How to Test SSIS Packages with `DontSaveSensitive` and Sensitive Parameters

Tips SSIS Tips
1

Problem

You are using an SSIS package with sensitive parameters and the package protection level is set to:


DontSaveSensitive

You may notice that when a sensitive parameter is used in an expression, the value becomes blank during design-time testing or after reopening the package.

For example, you may have a sensitive package/project parameter mapped to a ZappySys connection manager property such as:


ClientSecret

Password

AccessToken

RefreshToken

API Key

The expression may look correct, but the value passed to the connection manager is blank.

Why This Happens

This is expected SSIS behavior.

When DontSaveSensitive is selected, SSIS does not save sensitive values inside the package or parameter files. This includes passwords, client secrets, tokens, and sensitive parameters.

So if you type a secret value into a sensitive parameter and save the package, SSIS intentionally removes that value from the saved file.

This is secure because secrets are not accidentally stored in source control systems such as Git, GitLab, Azure DevOps, or TFS.

However, it also means the package cannot read the secret from the package file itself during local debugging. The secret must be supplied again at runtime.

Common Symptom

You may see behavior like this:


Package Parameter:

ClientSecret

Sensitive = True

Connection Manager Expression:

ClientSecret = @[$Package::ClientSecret]

ProtectionLevel:

DontSaveSensitive

After saving or reopening the package, the parameter value becomes blank.

As a result, the connection manager receives a blank ClientSecret.

This does not mean the expression is wrong. It means SSIS did not save the sensitive value.

Recommended Runtime Approach

When using DontSaveSensitive, supply the secret value from outside the package at runtime.

Common options include:

  • SSIS Catalog environment variables

  • SQL Agent job configuration

  • Command-line execution

  • Runtime parameter assignment

  • External configuration source

  • Key Vault / secrets manager integration

This is the preferred production approach because the package does not contain secrets.

Local Debugging Option 1: Temporarily Disable Sensitive Flag

For local testing only, you can temporarily set the parameter as non-sensitive.

Example:


ClientSecret

Sensitive = False

Then enter the test secret value and debug the package.

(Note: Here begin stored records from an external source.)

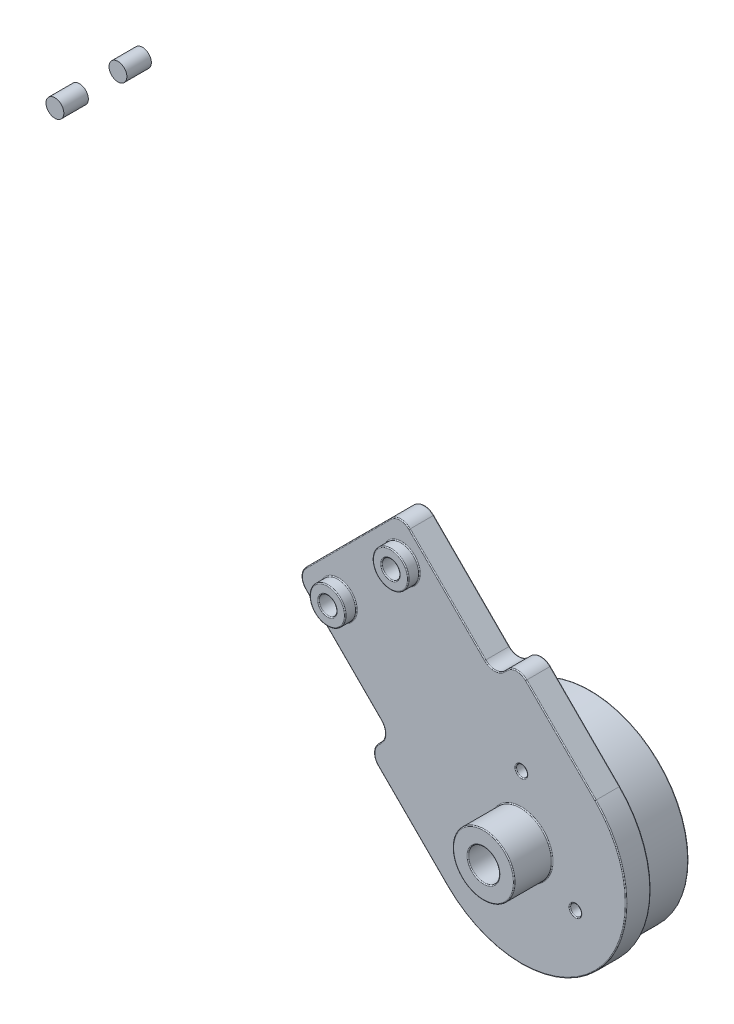
from build123d import *

# Parameters (mm, degrees)
SKETCH3_R               = 1
BOSS_EXTRUDE1_DEPTH     = 2.75
BOSS_EXTRUDE1_2_DEPTH   = 2.75
SKETCH3_R_2             = 10
BOSS_EXTRUDE1_3_DEPTH   = 2.75
SKETCH4_R               = 10
BOSS_EXTRUDE3_DEPTH     = 1
SKETCH5_R               = 11
SKETCH5_R_2             = 10
BOSS_EXTRUDE4_DEPTH     = 5
FILLET1_R               = 1.5
SKETCH6_R               = 2
SKETCH6_R_2             = 1
BOSS_EXTRUDE5_DEPTH     = 1.25
SKETCH7_R               = 1.75
CUT_EXTRUDE1_DEPTH      = 1
SKETCH8_R               = 3.45
SKETCH8_R_2             = 1.75
BOSS_EXTRUDE6_DEPTH     = 4.25
SKETCH9_R               = 0.625
CUT_EXTRUDE2_DEPTH      = 1
FILLET2_R               = 0.1
SKETCH12_R              = 1
CUT_EXTRUDE4_DEPTH      = 8
CUT_EXTRUDE4_DEPTH_BACK = 6.0000001


with BuildPart() as part:
    # Sketch3 → Boss-Extrude1 (new body)
    with BuildSketch(Plane.XY):
        with Locations((47.674098192, 45.254833996)):
            Circle(SKETCH3_R)
    extrude(amount=BOSS_EXTRUDE1_DEPTH)


with BuildPart() as body_2:
    # Sketch3 → Boss-Extrude1 2 (new body)
    with BuildSketch(Plane.XY):
        with Locations((54.745166004, 52.325901808)):
            Circle(SKETCH3_R)
    extrude(amount=BOSS_EXTRUDE1_2_DEPTH)


with BuildPart() as body_3:
    # Sketch3 → Boss-Extrude1 3 (new body)
    with BuildSketch(Plane.XY):
        with BuildLine():
            Line((86.388194462, 25.279067427), (74.720932573, 13.611805538))
            Line((74.720932573, 13.611805538), (85.32753429, 3.00520382))
            Line((85.32753429, 3.00520382), (82.852660556, 0.530330086))
            Line((82.852660556, 0.530330086), (91.691495321, -8.308504679))
            ThreePointArc((91.691495321, -8.308504679), (108.308504679, -8.308504679), (108.308504679, 8.308504679))
            Line((108.308504679, 8.308504679), (99.469669914, 17.147339444))
            Line((99.469669914, 17.147339444), (96.99479618, 14.67246571))
            Line((96.99479618, 14.67246571), (86.388194462, 25.279067427))
        make_face()
        with Locations((100, 0)):
            Circle(SKETCH3_R_2, mode=Mode.SUBTRACT)
    extrude(amount=BOSS_EXTRUDE1_3_DEPTH)

    # Sketch4 → Boss-Extrude3 (add)
    with BuildSketch(Plane.XY.offset(2.75)):
        with Locations((100, 0)):
            Circle(SKETCH4_R)
    extrude(amount=-BOSS_EXTRUDE3_DEPTH)

    # Sketch5 → Boss-Extrude4 (add)
    with BuildSketch(Plane(origin=(0, 0, 0), x_dir=(-1, 0, 0), z_dir=(0, 0, -1))):
        with Locations((-100, 0)):
            Circle(SKETCH5_R)
        with Locations((-100, 0)):
            Circle(SKETCH5_R_2, mode=Mode.SUBTRACT)
    extrude(amount=BOSS_EXTRUDE4_DEPTH)

    # Fillet1
    fillet1_edges = [body_3.edges().sort_by_distance(p)[0] for p in [
        (96.99479618, 14.67246571, 1.375),
        (99.469669914, 17.147339444, 1.375),
        (82.852660556, 0.530330086, 1.375),
        (85.32753429, 3.00520382, 1.375),
        (74.720932573, 13.611805538, 1.375),
        (86.388194462, 25.279067427, 1.375),
    ]]
    fillet(fillet1_edges, radius=FILLET1_R)

    # Sketch6 → Boss-Extrude5 (add)
    with BuildSketch(Plane.XY.offset(2.75)):
        with Locations((86.564971157, 20.506096654)):
            Circle(SKETCH6_R)
        with Locations((86.564971157, 20.506096654)):
            Circle(SKETCH6_R_2, mode=Mode.SUBTRACT)
        with Locations((79.493903346, 13.435028843)):
            Circle(SKETCH6_R)
        with Locations((79.493903346, 13.435028843)):
            Circle(SKETCH6_R_2, mode=Mode.SUBTRACT)
    extrude(amount=BOSS_EXTRUDE5_DEPTH)

    # Sketch7 → Cut-Extrude1 (cut)
    with BuildSketch(Plane.XY.offset(2.75)):
        with Locations((100, 0)):
            Circle(SKETCH7_R)
    extrude(amount=-CUT_EXTRUDE1_DEPTH, mode=Mode.SUBTRACT)

    # Sketch8 → Boss-Extrude6 (add)
    with BuildSketch(Plane.XY.offset(2.75)):
        with Locations((100, 0)):
            Circle(SKETCH8_R)
        with Locations((100, 0)):
            Circle(SKETCH8_R_2, mode=Mode.SUBTRACT)
    extrude(amount=BOSS_EXTRUDE6_DEPTH)

    # Sketch9 → Cut-Extrude2 (cut)
    with BuildSketch(Plane.XY.offset(2.75)):
        with Locations((100, 7)):
            Circle(SKETCH9_R)
        with Locations((106.062177826, -3.5)):
            Circle(SKETCH9_R)
        with Locations((93.937822174, -3.5)):
            Circle(SKETCH9_R)
    extrude(amount=-CUT_EXTRUDE2_DEPTH, mode=Mode.SUBTRACT)

    # Fillet2
    fillet2_edges = [body_3.edges().sort_by_distance(p)[0] for p in [
        (96.55, 0, 7),
        (96.55, 0, 2.75),
        (98.25, 0, 7),
        (99.375, 7, 2.75),
        (99.375, 7, 1.75),
        (105.437177826, -3.5, 2.75),
        (105.437177826, -3.5, 1.75),
        (93.312822174, -3.5, 2.75),
        (93.312822174, -3.5, 1.75),
        (108.308504679, -8.308504679, 2.75),
        (104.419417382, 12.197591975, 2.75),
        (90, 0, 1.75),
        (111, 0, 0),
        (111, 0, -5),
        (110, 0, -5),
        (91.691495321, 19.975766569, 0),
        (91.691495321, 19.975766569, 2.75),
        (98.232233047, 15.909902577, 0),
        (98.232233047, 15.909902577, 2.75),
        (87.802408025, -4.419417382, 0),
        (84.090097423, 1.767766953, 0),
        (80.024233431, 8.308504679, 0),
        (80.554563517, 19.445436483, 0),
        (86.388194462, 24.657747084, 0),
        (75.342252916, 13.611805538, 0),
        (83.4739809, 0.530330086, 0),
        (99.469669914, 16.5260191, 0),
        (80.554563517, 19.445436483, 2.75),
        (80.024233431, 8.308504679, 2.75),
        (84.090097423, 1.767766953, 2.75),
        (87.802408025, -4.419417382, 2.75),
        (86.388194462, 24.657747084, 2.75),
        (75.342252916, 13.611805538, 2.75),
        (83.4739809, 0.530330086, 2.75),
        (99.469669914, 16.5260191, 2.75),
        (96.99479618, 15.293786053, 0),
        (96.99479618, 15.293786053, 2.75),
        (84.706213947, 3.00520382, 0),
        (84.706213947, 3.00520382, 2.75),
        (84.564971157, 20.506096654, 4),
        (84.564971157, 20.506096654, 2.75),
        (85.564971157, 20.506096654, 4),
        (77.493903346, 13.435028843, 4),
        (77.493903346, 13.435028843, 2.75),
        (104.419417382, 12.197591975, 0),
        (78.493903346, 13.435028843, 4),
        (108.308504679, -8.308504679, 0),
        (98.25, 0, 1.75),
    ]]
    fillet(fillet2_edges, radius=FILLET2_R)

    # Sketch12 → Cut-Extrude4 (cut, two sides)
    with BuildSketch(Plane.XY) as cut_extrude4_sk:
        with Locations((86.564971157, 20.506096654)):
            Circle(SKETCH12_R)
        with Locations((79.493903346, 13.435028843)):
            Circle(SKETCH12_R)
    extrude(amount=CUT_EXTRUDE4_DEPTH, mode=Mode.SUBTRACT)
    extrude(cut_extrude4_sk.sketch, amount=-CUT_EXTRUDE4_DEPTH_BACK, mode=Mode.SUBTRACT)


solid = Compound([part.part, body_2.part, body_3.part])
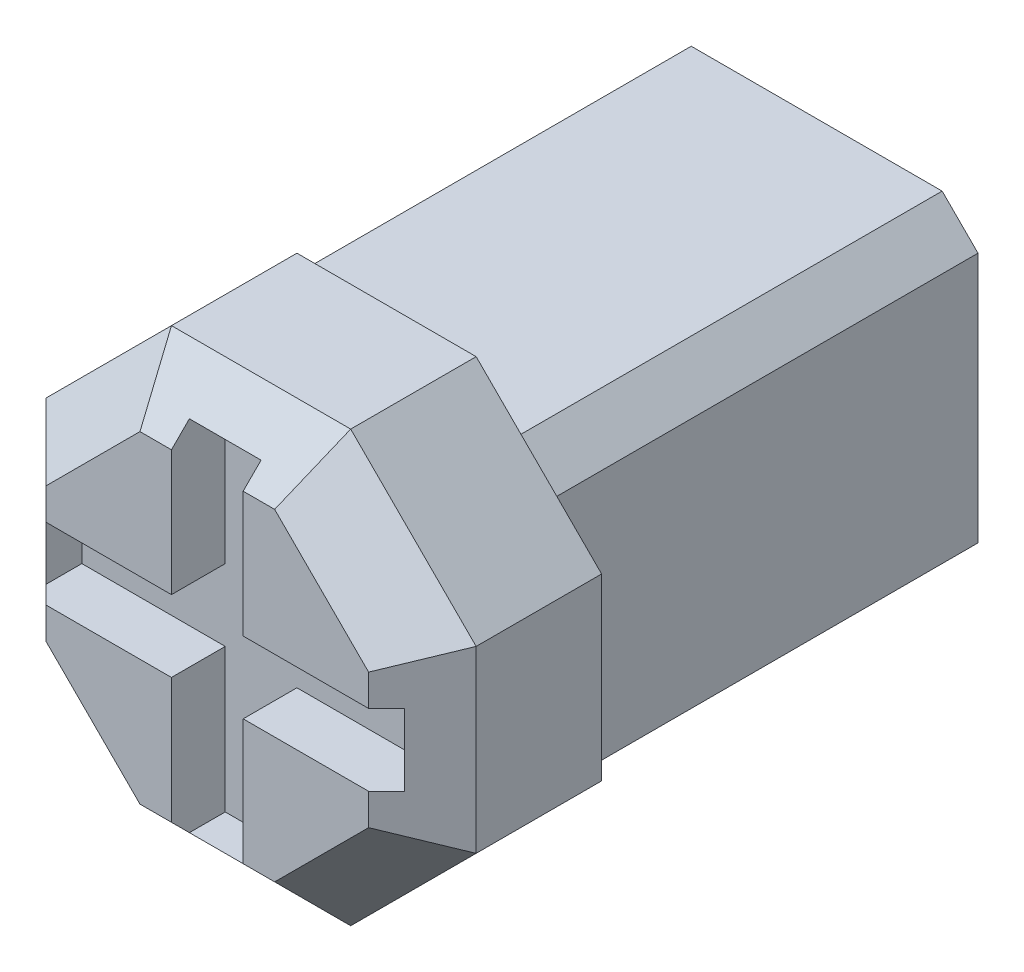
from build123d import *

# Parameters (mm, degrees)
ESQUISSE1_W             = 9
ESQUISSE1_H             = 9
EXTRUSION1_DEPTH        = 12
ESQUISSE2_W             = 12
ESQUISSE2_H             = 12
EXTRUSION2_DEPTH        = 5
CHANFREIN3_SIZE         = 1
CHANFREIN1_SIZE         = 3.5
CHANFREIN2_SIZE         = 1.5
ESQUISSE3_W             = 2
ESQUISSE3_H             = 3.5
ESQUISSE3_W_2           = 3.5
ESQUISSE3_H_2           = 2
ESQUISSE3_W_3           = 0.5
ESQUISSE3_H_3           = 0.5
ENL_V_MAT_EXTRU_1_DEPTH = 1.5


with BuildPart() as part:
    # Esquisse1 → Extrusion1 (new body)
    with BuildSketch(Plane.XY):
        Rectangle(ESQUISSE1_W, ESQUISSE1_H)
    extrude(amount=EXTRUSION1_DEPTH)

    # Esquisse2 → Extrusion2 (add)
    with BuildSketch(Plane.XY.offset(12)):
        Rectangle(ESQUISSE2_W, ESQUISSE2_H)
    extrude(amount=EXTRUSION2_DEPTH)

    # Chanfrein3
    chanfrein3_edges = [part.edges().sort_by_distance(p)[0] for p in [
        (-4.5, 4.5, 6),
        (4.5, 4.5, 6),
        (4.5, -4.5, 6),
        (-4.5, -4.5, 6),
    ]]
    chamfer(chanfrein3_edges, length=CHANFREIN3_SIZE)

    # Chanfrein1
    chanfrein1_edges = [part.edges().sort_by_distance(p)[0] for p in [
        (6, 6, 14.5),
        (-6, 6, 14.5),
        (-6, -6, 14.5),
        (6, -6, 14.5),
    ]]
    chamfer(chanfrein1_edges, length=CHANFREIN1_SIZE)

    # Chanfrein2
    chanfrein2_edges = [part.edges().sort_by_distance(p)[0] for p in [
        (0, 6, 17),
        (6, 0, 17),
        (-6, 0, 17),
        (0, -6, 17),
        (-4.25, 4.25, 17),
        (-4.25, -4.25, 17),
        (4.25, -4.25, 17),
        (4.25, 4.25, 17),
    ]]
    chamfer(chanfrein2_edges, length=CHANFREIN2_SIZE)

    # Esquisse3 → Enlèv. mat.-Extru.1 (cut)
    with BuildSketch(Plane.XY.offset(17)):
        with Locations((0, 2.75)):
            Rectangle(ESQUISSE3_W, ESQUISSE3_H)
        with Locations((-2.75, 0)):
            Rectangle(ESQUISSE3_W_2, ESQUISSE3_H_2)
        Rectangle(ESQUISSE3_W, ESQUISSE3_H_2)
        with Locations((0, -2.75)):
            Rectangle(ESQUISSE3_W, ESQUISSE3_H)
        with Locations((2.75, 0)):
            Rectangle(ESQUISSE3_W_2, ESQUISSE3_H_2)
        with Locations((-4.75, 0)):
            Rectangle(ESQUISSE3_W_3, ESQUISSE3_H_2)
        with Locations((0, 4.75)):
            Rectangle(ESQUISSE3_W, ESQUISSE3_H_3)
        with Locations((0, -4.75)):
            Rectangle(ESQUISSE3_W, ESQUISSE3_H_3)
        with Locations((4.75, 0)):
            Rectangle(ESQUISSE3_W_3, ESQUISSE3_H_2)
    extrude(amount=-ENL_V_MAT_EXTRU_1_DEPTH, mode=Mode.SUBTRACT)


solid = part.part
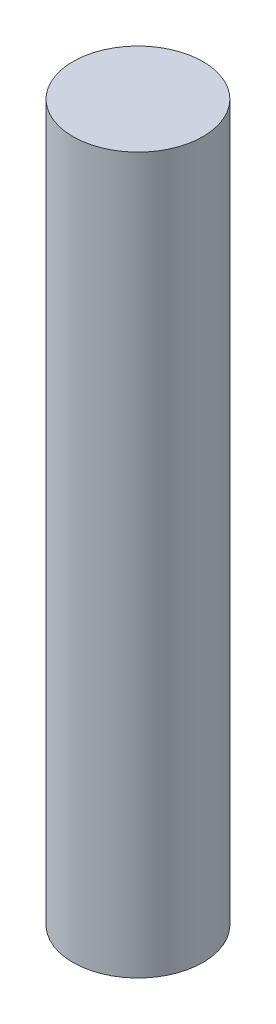
from build123d import *

# Parameters (mm, degrees)
SKETCH1_R           = 10
BOSS_EXTRUDE1_DEPTH = 110


with BuildPart() as part:
    # Sketch1 → Boss-Extrude1 (new body)
    with BuildSketch(Plane(origin=(0, 0, 0), x_dir=(1, 0, 0), z_dir=(0, 1, 0))):
        Circle(SKETCH1_R)
    extrude(amount=BOSS_EXTRUDE1_DEPTH)


solid = part.part
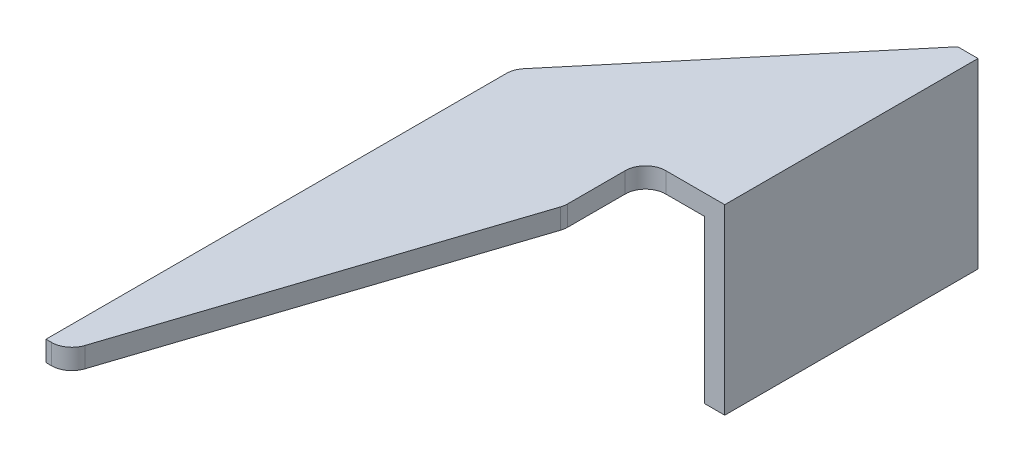
from build123d import *

# Parameters (mm, degrees)
EXTRUDE_THIN1_DEPTH = 70
CUT_EXTRUDE1_DEPTH  = 19
CUT_EXTRUDE2_DEPTH  = 19
FILLET1_R           = 2


with BuildPart() as part:
    # Sketch1 → Extrude-Thin1 (new body)
    with BuildSketch(Plane.XY):
        Polygon((0, 0), (0, 16), (-20, 16), (-20, 18), (2, 18), (2, 0), align=None)
    extrude(amount=EXTRUDE_THIN1_DEPTH)

    # Sketch2 → Cut-Extrude1 (cut, through all)
    with BuildSketch(Plane(origin=(0, 18, 0), x_dir=(1, 0, 0), z_dir=(0, 1, 0))):
        Polygon((2, -25), (-5.822, -25), (-5.822, -33), (-18, -70), (2, -70), align=None)
    extrude(amount=-CUT_EXTRUDE1_DEPTH, mode=Mode.SUBTRACT)

    # Sketch3 → Cut-Extrude2 (cut, through all)
    with BuildSketch(Plane(origin=(0, 18, 0), x_dir=(1, 0, 0), z_dir=(0, 1, 0))):
        Polygon((-20, -23.835071852), (0, 0), (-20, 0), align=None)
    extrude(amount=-CUT_EXTRUDE2_DEPTH, mode=Mode.SUBTRACT)

    # Fillet1
    fillet1_edges = [part.edges().sort_by_distance(p)[0] for p in [
        (-18, 17, 70),
        (-5.822, 17, 33),
        (-5.822, 17, 25),
        (-20, 17, 23.835071852),
    ]]
    fillet(fillet1_edges, radius=FILLET1_R)


solid = part.part
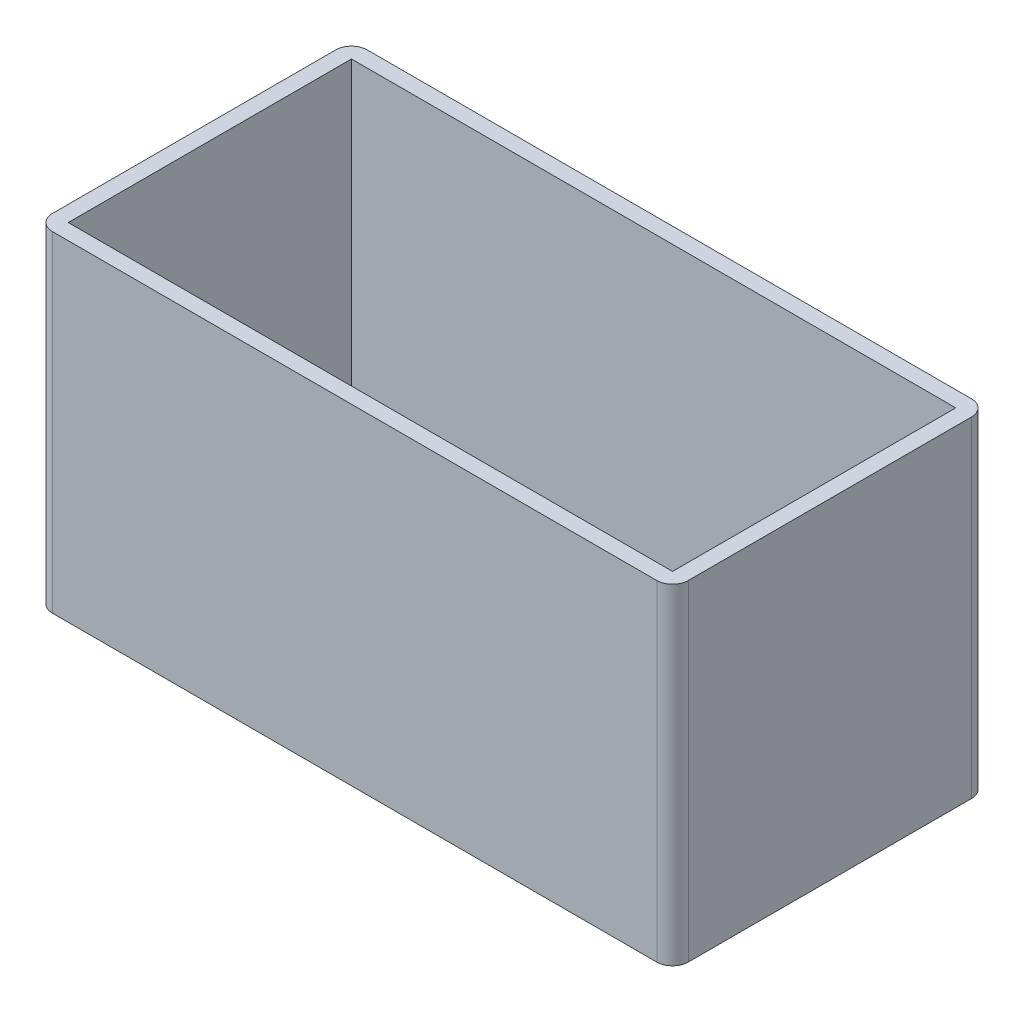
from build123d import *

# Parameters (mm, degrees)
ESQUISSE1_W        = 40.4
ESQUISSE1_H        = 20
ESQUISSE1_W_2      = 38.4
ESQUISSE1_H_2      = 18
BOSS_EXTRU_1_DEPTH = 21
CONG_1_R           = 1


with BuildPart() as part:
    # Esquisse1 → Boss.-Extru.1 (new body)
    with BuildSketch(Plane(origin=(0, 0, 0), x_dir=(1, 0, 0), z_dir=(0, 1, 0))):
        with Locations((-8.710891089, 0)):
            Rectangle(ESQUISSE1_W, ESQUISSE1_H)
        with Locations((-8.710891089, 0)):
            Rectangle(ESQUISSE1_W_2, ESQUISSE1_H_2, mode=Mode.SUBTRACT)
    extrude(amount=BOSS_EXTRU_1_DEPTH)

    # Congé1
    cong_1_edges = [part.edges().sort_by_distance(p)[0] for p in [
        (-28.910891089, 10.5, -10),
        (11.489108911, 10.5, -10),
        (11.489108911, 10.5, 10),
        (-28.910891089, 10.5, 10),
    ]]
    fillet(cong_1_edges, radius=CONG_1_R)


solid = part.part
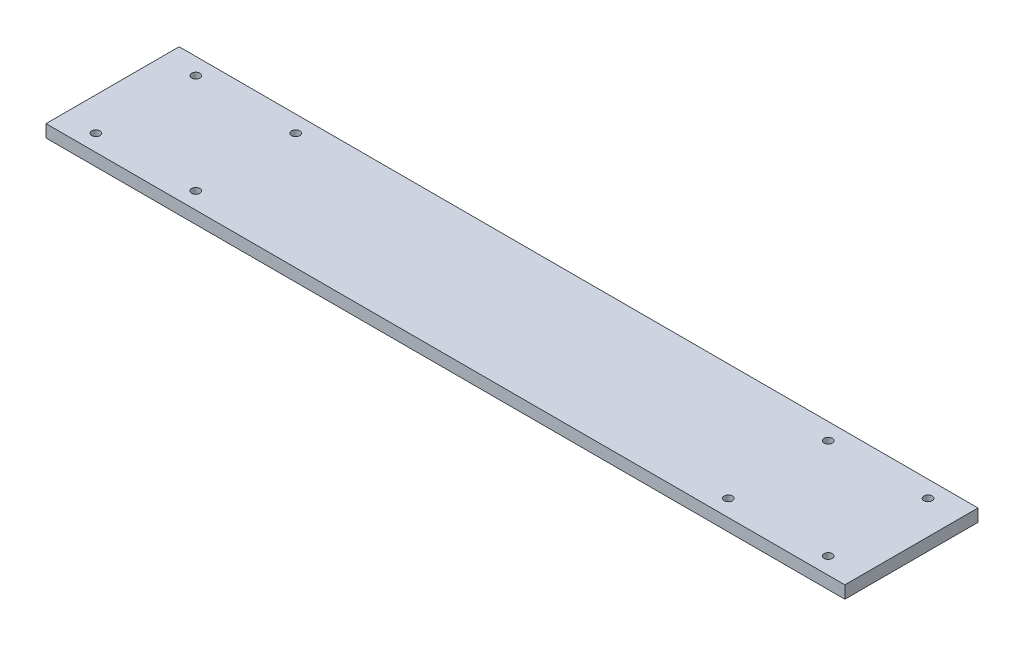
from build123d import *

# Parameters (mm, degrees)
SKETCH1_W                   = 609.6
SKETCH1_H                   = 101.6
BOSS_EXTRUDE1_DEPTH         = 9.525
F_1_4_0_25_DIAMETER_HOLE1_D = 6.35


with BuildPart() as part:
    # Sketch1 → Boss-Extrude1 (new body)
    with BuildSketch(Plane(origin=(0, 0, 0), x_dir=(1, 0, 0), z_dir=(0, 1, 0))):
        Rectangle(SKETCH1_W, SKETCH1_H)
    extrude(amount=BOSS_EXTRUDE1_DEPTH)

    # 1/4 (0.25) Diameter Hole1 (through all)
    with Locations(Plane(origin=(0, 9.525, 0), x_dir=(1, 0, 0), z_dir=(0, 1, 0))):
        with Locations((279.4, -38.1), (279.4, 38.1), (203.2, 38.1), (203.2, -38.1), (-203.2, -38.1), (-279.4, -38.1), (-279.4, 38.1), (-203.2, 38.1)):
            Hole(F_1_4_0_25_DIAMETER_HOLE1_D / 2)


solid = part.part

After testing, change the parameter back to:


Sensitive = True

Use this only for local testing. Do not commit real secrets into source control.

Local Debugging Option 2: Use EncryptSensitiveWithPassword

If you want SSIS to save sensitive values in encrypted form, change the protection level to:


EncryptSensitiveWithPassword

With this option, SSIS saves sensitive values in encrypted format. This makes local debugging easier because the secret value can be preserved.

However, anyone opening or running the package must know the password.

This option is useful when:

  • You need to debug packages locally

  • You want SSIS to remember sensitive values

  • You are okay managing a package password

  • You do not want to supply secrets every time from runtime configuration

Important

If you change the project protection level, also update each package protection level.

In many SSIS projects, setting only the project protection level is not enough. Each package may still have its own protection level.

So you should update both:


Project ProtectionLevel

Package ProtectionLevel

Use the same password for the project and packages if you choose EncryptSensitiveWithPassword.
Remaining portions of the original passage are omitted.